# Goal Interpretation

## Description

**Goal Interpretation** aims to ground the natural language instruction to the environment representations of objects, states, relations, and actions. For example, the task instruction 

```python
"Use the rag to clean the trays, the bowl, and the refrigerator. When you are done, leave the rag next to the sink..."
```

can be grounded to specific objects with IDs, such as `fridge (ID: 97)`, `tray (ID: 1)`, `bowl (ID: 1)`, `rag (ID: 0)`, and `sink (ID: 82)`. Note that a simple natural language description can be grounded into a set of multiple goal conditions (object state and relation).


The goal interpretation module takes the state `**$s_0$**` and a natural language instruction `**$l_g$**` as input, and generates an LTL goal `**$\hat{g}_l$**` as a formal goal specification which a symbolic planner can conceivably take as input. In this paper, we only generate simple LTL goals formed by an ordered action sequence and a conjunction of propositions to be satisfied in the final state.


## Evaluation Details

### Evaluation Workflow

The evaluation process is primarily handled by the `evaluate_results` function. Key steps include:

1. **Data Loading**:
   - Loading meta data and configurations.
   - Load LLM responses from the specified path.

2. **Evaluation Loop**:
   - For each LLM response:
     - Parse into json format.
     - Handle format errors and object/state hallucinations.
     - Evaluate LLM predicted object states against GT.
     - Evaluate LLM predicted object relations against GT.

3. **Metric Calculation**:
   - Compute precision, recall, and F1 scores for object states and relations.
   - Calculate format error and hallucination rates.

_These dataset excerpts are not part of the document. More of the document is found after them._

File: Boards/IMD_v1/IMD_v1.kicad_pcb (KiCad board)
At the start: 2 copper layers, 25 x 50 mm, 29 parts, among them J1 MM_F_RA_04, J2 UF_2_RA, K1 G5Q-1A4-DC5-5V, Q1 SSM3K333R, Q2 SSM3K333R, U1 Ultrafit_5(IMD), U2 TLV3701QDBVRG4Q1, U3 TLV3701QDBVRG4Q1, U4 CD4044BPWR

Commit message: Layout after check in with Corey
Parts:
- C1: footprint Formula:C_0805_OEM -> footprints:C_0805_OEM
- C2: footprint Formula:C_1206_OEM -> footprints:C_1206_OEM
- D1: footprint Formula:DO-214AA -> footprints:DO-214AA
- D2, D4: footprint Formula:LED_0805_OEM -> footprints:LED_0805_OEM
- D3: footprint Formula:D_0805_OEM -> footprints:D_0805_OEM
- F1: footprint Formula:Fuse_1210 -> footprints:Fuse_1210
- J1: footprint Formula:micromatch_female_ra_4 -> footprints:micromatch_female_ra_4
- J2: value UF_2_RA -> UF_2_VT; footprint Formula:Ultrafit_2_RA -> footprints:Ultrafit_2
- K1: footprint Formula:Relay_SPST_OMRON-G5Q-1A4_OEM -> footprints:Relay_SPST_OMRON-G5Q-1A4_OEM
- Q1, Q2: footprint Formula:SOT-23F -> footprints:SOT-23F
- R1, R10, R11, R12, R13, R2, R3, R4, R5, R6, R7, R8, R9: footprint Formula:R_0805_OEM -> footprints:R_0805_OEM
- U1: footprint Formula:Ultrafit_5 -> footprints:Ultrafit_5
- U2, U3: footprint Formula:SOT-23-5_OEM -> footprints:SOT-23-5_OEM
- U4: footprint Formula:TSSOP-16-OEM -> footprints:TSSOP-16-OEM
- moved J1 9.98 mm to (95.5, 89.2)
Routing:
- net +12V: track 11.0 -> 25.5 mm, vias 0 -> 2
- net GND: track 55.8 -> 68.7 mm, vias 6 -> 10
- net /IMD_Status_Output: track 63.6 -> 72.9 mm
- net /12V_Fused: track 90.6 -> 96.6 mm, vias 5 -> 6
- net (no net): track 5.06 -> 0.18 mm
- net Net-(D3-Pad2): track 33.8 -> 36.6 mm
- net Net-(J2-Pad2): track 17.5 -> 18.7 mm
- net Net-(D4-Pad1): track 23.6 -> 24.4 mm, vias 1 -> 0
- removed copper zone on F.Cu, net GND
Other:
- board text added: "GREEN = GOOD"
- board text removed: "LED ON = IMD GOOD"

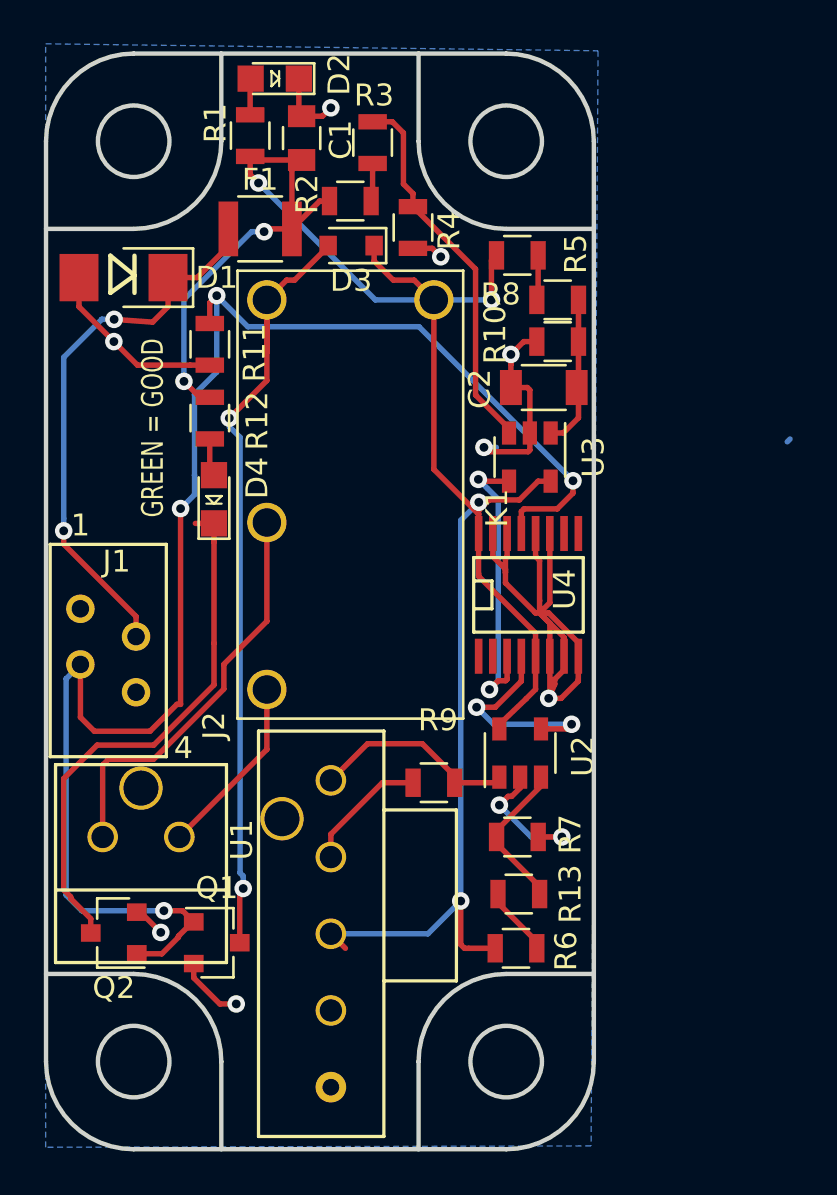
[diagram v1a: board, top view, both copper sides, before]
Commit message: Layout try 3, much less GND islands, and better silkscreen
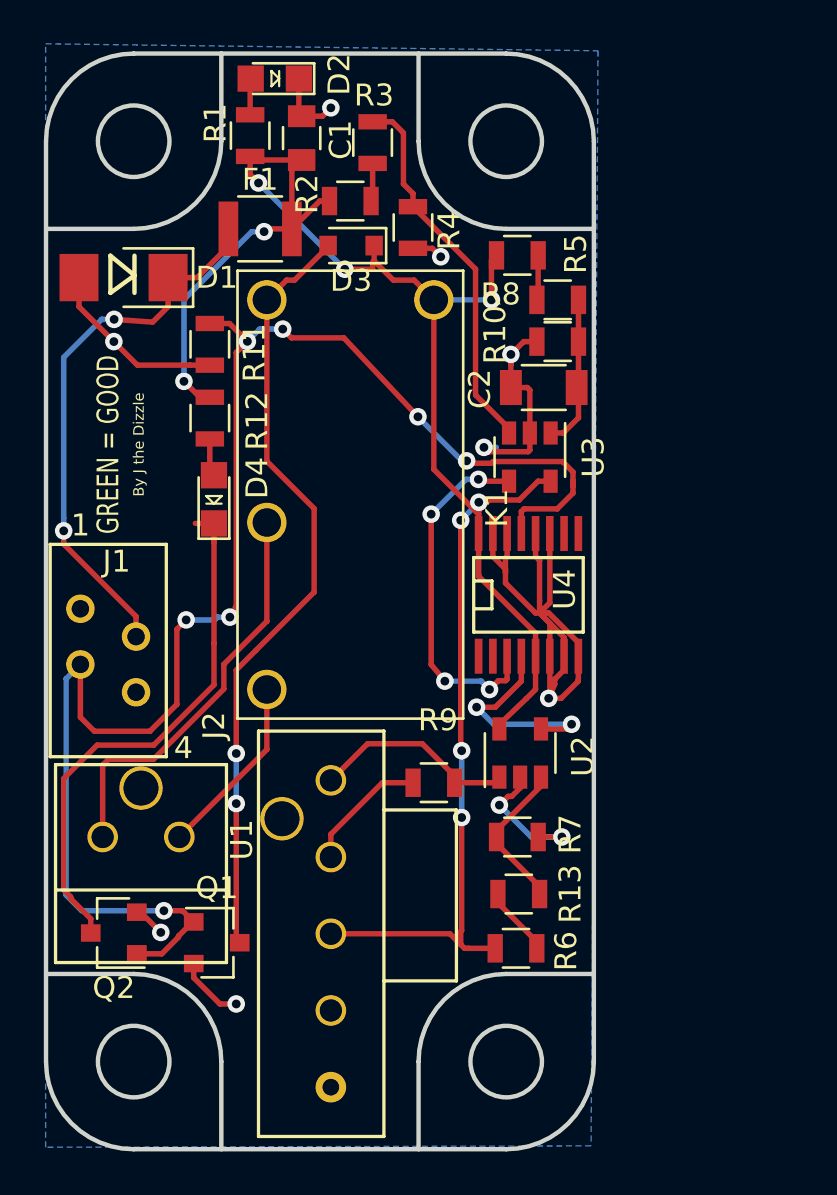
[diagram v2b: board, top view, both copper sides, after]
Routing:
- net /12V_Fused: track 96.6 -> 92.0 mm, vias 6 -> 9
- net Net-(U3-Pad4): track 13.6 -> 16.5 mm, vias 2 -> 4
- net Net-(D3-Pad2): track 36.6 -> 35.6 mm
- net /IMD_Status_Output: track 72.9 -> 72.8 mm, vias 4 -> 7
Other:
- net class formula added: clearance 0.1524, trace_width 0.1524, via_dia 0.6096, via_drill 0.3048
- rule trace_min: 0.2 -> 0.1524
- board text added: "By J the Dizzle"

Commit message: IMD Latch Comparator Fix
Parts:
- turned U2 to 270 degrees
- turned U3 to 90 degrees
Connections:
- U2 pad 3: Net-(R13-Pad2) -> /imd_side_out
- U2 pad 4: Net-(U2-Pad4) -> Net-(R13-Pad2)
- U3 pad 1: Net-(C2-Pad1) -> /delay_side_out
- U3 pad 3: Net-(R3-Pad2) -> Net-(C2-Pad1)
- U3 pad 4: Net-(U3-Pad4) -> Net-(R3-Pad2)
- U4 pad 3: Net-(U3-Pad4) -> /delay_side_out
- U4 pad 4: Net-(U2-Pad4) -> /imd_side_out
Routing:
- net Net-(U3-Pad4): track 16.5 -> 0.00 mm, vias 4 -> 0
- net /delay_side_out: track 0.00 -> 16.5 mm, vias 0 -> 4
- net Net-(U2-Pad4): track 9.81 -> 0.00 mm, vias 2 -> 0
- net Net-(R9-Pad1): track 9.40 -> 16.4 mm, vias 0 -> 2
- net /IMD_Status_Output: track 72.8 -> 68.4 mm
- net /imd_side_out: track 0.00 -> 3.94 mm
- net Net-(R3-Pad2): track 17.3 -> 20.1 mm, vias 0 -> 2
- net GND: track 68.7 -> 66.1 mm, vias 10 -> 8
- net Net-(C2-Pad1): track 6.94 -> 8.80 mm
- net /12V_Fused: track 92.0 -> 93.0 mm
- net Net-(R13-Pad2): track 6.99 -> 6.02 mm
- net Net-(J2-Pad2): track 18.7 -> 19.6 mm
- net Net-(D4-Pad1): vias 0 -> 2
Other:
- outline, holes or cut-outs redrawn
- net class Default: clearance 0.2 -> 0.1524; trace_width 0.25 -> 0.1524; via_dia 0.8 -> 0.6096; via_drill 0.4 -> 0.3048
- net class formula removed
- rule trace_clearance: 0.2 -> 0.1524
- rule via_min_drill: 0.3 -> 0.3048
- rule via_min_size: 0.4 -> 0.6096
- board text added: "IMD LATCH Jamie Santiago"
- board text removed: "By J the Dizzle"

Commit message: IMD update
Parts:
- J2: value UF_2_VT -> mm_2; footprint footprints:Ultrafit_2 -> footprints:mm_2
- moved J2 1.91 mm to (98.4, 94.5), turned to 180 degrees
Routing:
- net Net-(J2-Pad2): track 19.6 -> 15.5 mm
- net Net-(J2-Pad1): track 8.38 -> 10.6 mm

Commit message: IMD DRC checked
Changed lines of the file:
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@@
     (thickness 1.6)
     (drawings 26)
-    (tracks 338)
+    (tracks 335)
     (zones 0)
     (modules 29)
@@
   )
   (setup
-    (last_trace_width 0.762)
+    (last_trace_width 0.1524)
     (user_trace_width 0.762)
     (trace_clearance 0.1524)
@@
   (segment (start 104.013 84.6455) (end 104.013 80.137) (width 0.762) (layer F.Cu) (net 10))
   (segment (start 101.724598 88.648402) (end 100.05259 90.32041) (width 0.762) (layer F.Cu) (net 10))
-  (segment (start 101.724598 86.933902) (end 101.95759 86.70091) (width 0.762) (layer F.Cu) (net 10))
   (segment (start 101.724598 88.648402) (end 101.724598 86.933902) (width 0.762) (layer F.Cu) (net 10))
-  (segment (start 102.05001 86.60849) (end 101.95759 86.70091) (width 0.762) (layer F.Cu) (net 10))
-  (segment (start 101.95759 86.70091) (end 104.013 84.6455) (width 0.762) (layer F.Cu) (net 10))
   (segment (start 100.05259 91.59041) (end 98.425 93.218) (width 0.762) (layer F.Cu) (net 10))
   (segment (start 100.05259 90.32041) (end 100.05259 91.59041) (width 0.762) (layer F.Cu) (net 10))
+  (segment (start 104.013 84.6455) (end 101.724598 86.933902) (width 0.762) (layer F.Cu) (net 10))
   (segment (start 99.186999 94.996001) (end 98.425 95.758) (width 0.762) (layer F.Cu) (net 11))
   (segment (start 102.152401 92.030599) (end 99.186999 94.996001) (width 0.762) (layer F.Cu) (net 11))
@@
   (segment (start 115.626 86.239) (end 115.626 87.23433) (width 0.25) (layer F.Cu) (net 22))
   (via (at 113.665 78.1685) (size 0.8) (drill 0.4) (layers F.Cu B.Cu) (net 23))
-  (via (at 114.173 87.757) (size 0.8) (drill 0.4) (layers F.Cu B.Cu) (net 23))
-  (segment (start 114.976 87.289) (end 114.907999 87.357001) (width 0.25) (layer F.Cu) (net 23))
-  (segment (start 114.572999 87.357001) (end 114.173 87.757) (width 0.25) (layer F.Cu) (net 23))
-  (segment (start 114.907999 87.357001) (end 114.572999 87.357001) (width 0.25) (layer F.Cu) (net 23))
-  (segment (start 114.976 86.239) (end 114.976 87.289) (width 0.25) (layer F.Cu) (net 23))
   (segment (start 113.099315 78.1685) (end 111.511815 79.756) (width 0.25) (layer B.Cu) (net 23))
   (segment (start 113.665 78.1685) (end 113.099315 78.1685) (width 0.25) (layer B.Cu) (net 23))
   (via (at 111.511815 79.756) (size 0.8) (drill 0.4) (layers F.Cu B.Cu) (net 23))
   (segment (start 111.511815 79.756) (end 111.511815 86.619815) (width 0.25) (layer F.Cu) (net 23))
-  (via (at 112.134826 87.376) (size 0.8) (drill 0.4) (layers F.Cu B.Cu) (net 23))
   (segment (start 112.268 87.376) (end 112.134826 87.376) (width 0.25) (layer F.Cu) (net 23))
   (segment (start 111.511815 86.619815) (end 112.134826 87.376) (width 0.25) (layer F.Cu) (net 23))
-  (segment (start 113.792 87.376) (end 114.173 87.757) (width 0.25) (layer B.Cu) (net 23))
-  (segment (start 112.134826 87.376) (end 113.792 87.376) (width 0.25) (layer B.Cu) (net 23))
   (segment (start 113.749 78.2525) (end 113.665 78.1685) (width 0.1524) (layer F.Cu) (net 23))
   (segment (start 115.0645 78.2525) (end 113.749 78.2525) (width 0.25) (layer F.Cu) (net 23))
+  (segment (start 114.976 87.289) (end 114.641 87.289) (width 0.25) (layer F.Cu) (net 23))
+  (via (at 114.173 87.757) (size 0.8) (drill 0.4) (layers F.Cu B.Cu) (net 23))
+  (segment (start 114.641 87.289) (end 114.173 87.757) (width 0.25) (layer F.Cu) (net 23))
+  (segment (start 112.134826 87.376) (end 113.792 87.376) (width 0.25) (layer B.Cu) (net 23))
+  (segment (start 113.792 87.376) (end 114.173 87.757) (width 0.25) (layer B.Cu) (net 23))
+  (via (at 112.134826 87.376) (size 0.8) (drill 0.4) (layers F.Cu B.Cu) (net 23))
+  (segment (start 114.976 86.239) (end 114.976 87.289) (width 0.25) (layer F.Cu) (net 23))
   (zone (net 2) (net_name GND) (layer B.Cu) (hatch edge 0.508)
     (connect_pads (clearance 0.508))

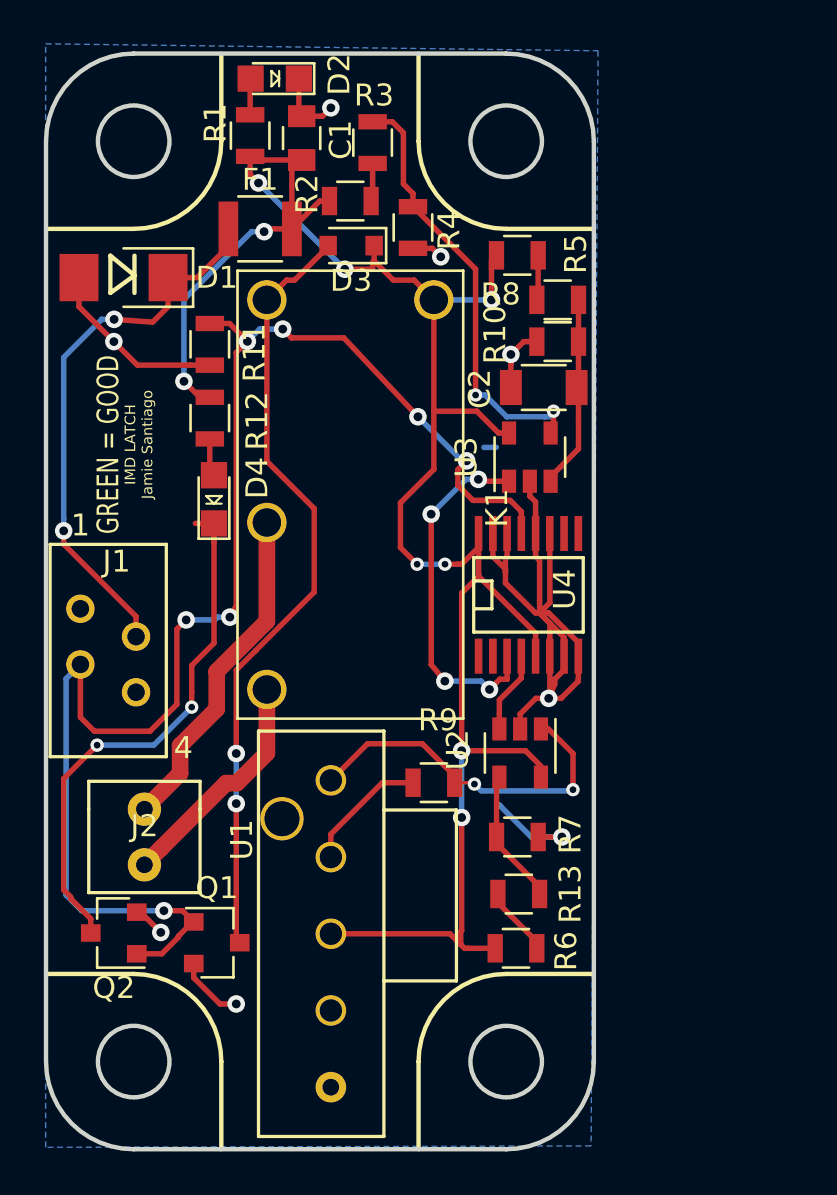
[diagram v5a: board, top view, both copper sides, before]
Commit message: Layout and Schematic with microfit v 2
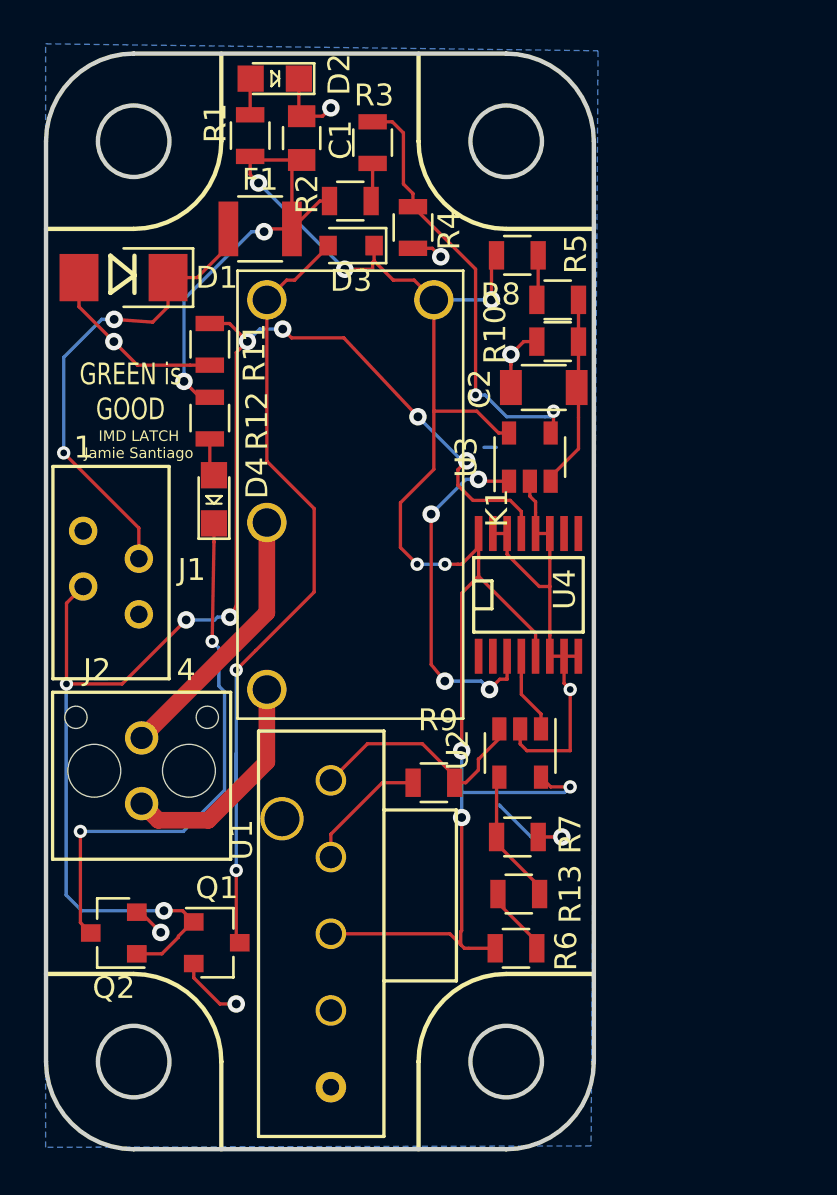
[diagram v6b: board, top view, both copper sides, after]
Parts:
- J2: value mm_2 -> MicroFit_V_2; footprint footprints:mm_2 -> footprints:MicroFit_V_2
- moved J1 3.56 mm to (95.6, 85.6)
- moved J2 1.53 mm to (98.3, 93.0), turned to 0 degrees
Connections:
- U2 pad 1: Net-(R9-Pad1) -> /imd_side_out
- U2 pad 3: /imd_side_out -> Net-(R9-Pad1)
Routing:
- net GND: track 66.1 -> 55.1 mm
- net Net-(R9-Pad1): track 16.4 -> 10.9 mm, vias 2 -> 0
- net +12V: track 25.5 -> 22.1 mm
- net Net-(J2-Pad2): track 15.4 -> 12.2 mm
- net /12V_Fused: track 93.0 -> 95.5 mm, vias 9 -> 10
- net Net-(D3-Pad2): track 35.6 -> 37.9 mm
- net /IMD_Status_Output: track 68.4 -> 67.3 mm, vias 7 -> 8
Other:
- board text added: "GREEN is GOOD"
- board text removed: "GREEN = GOOD"

4. **Results Aggregation**:
   - Aggregate results by goal type and error type.

5. **Log Output**:
   - Generate summary statistics and save results to summary files.
   - Save detailed per-sample error analysis to log files.

### Metrics

Our metrics are broken down into 4 primary categories:

1. **Grammatical Errors**:
   - Rate and number of state hallucinations.
   - Rate and number of object hallucinations.
   - Rate and number of output format errors.

2. **Object States**:
   - Number of satisfied conditions (TP).
   - Number of unsatisfied conditions (FN).
   - Number of false positive conditions (FP).
   - Confusion matrix (Precision/Recall/F1 Score).

3. **Object Relations**:
      - Number of satisfied conditions (TP).
   - Number of unsatisfied conditions (FN).
   - Number of false positive conditions (FP).
   - Confusion matrix (Precision/Recall/F1 Score).

4. **Overall Performance**:
      - Number of satisfied conditions (TP).
   - Number of unsatisfied conditions (FN).
   - Number of false positive conditions (FP).
   - Confusion matrix (Precision/Recall/F1 Score).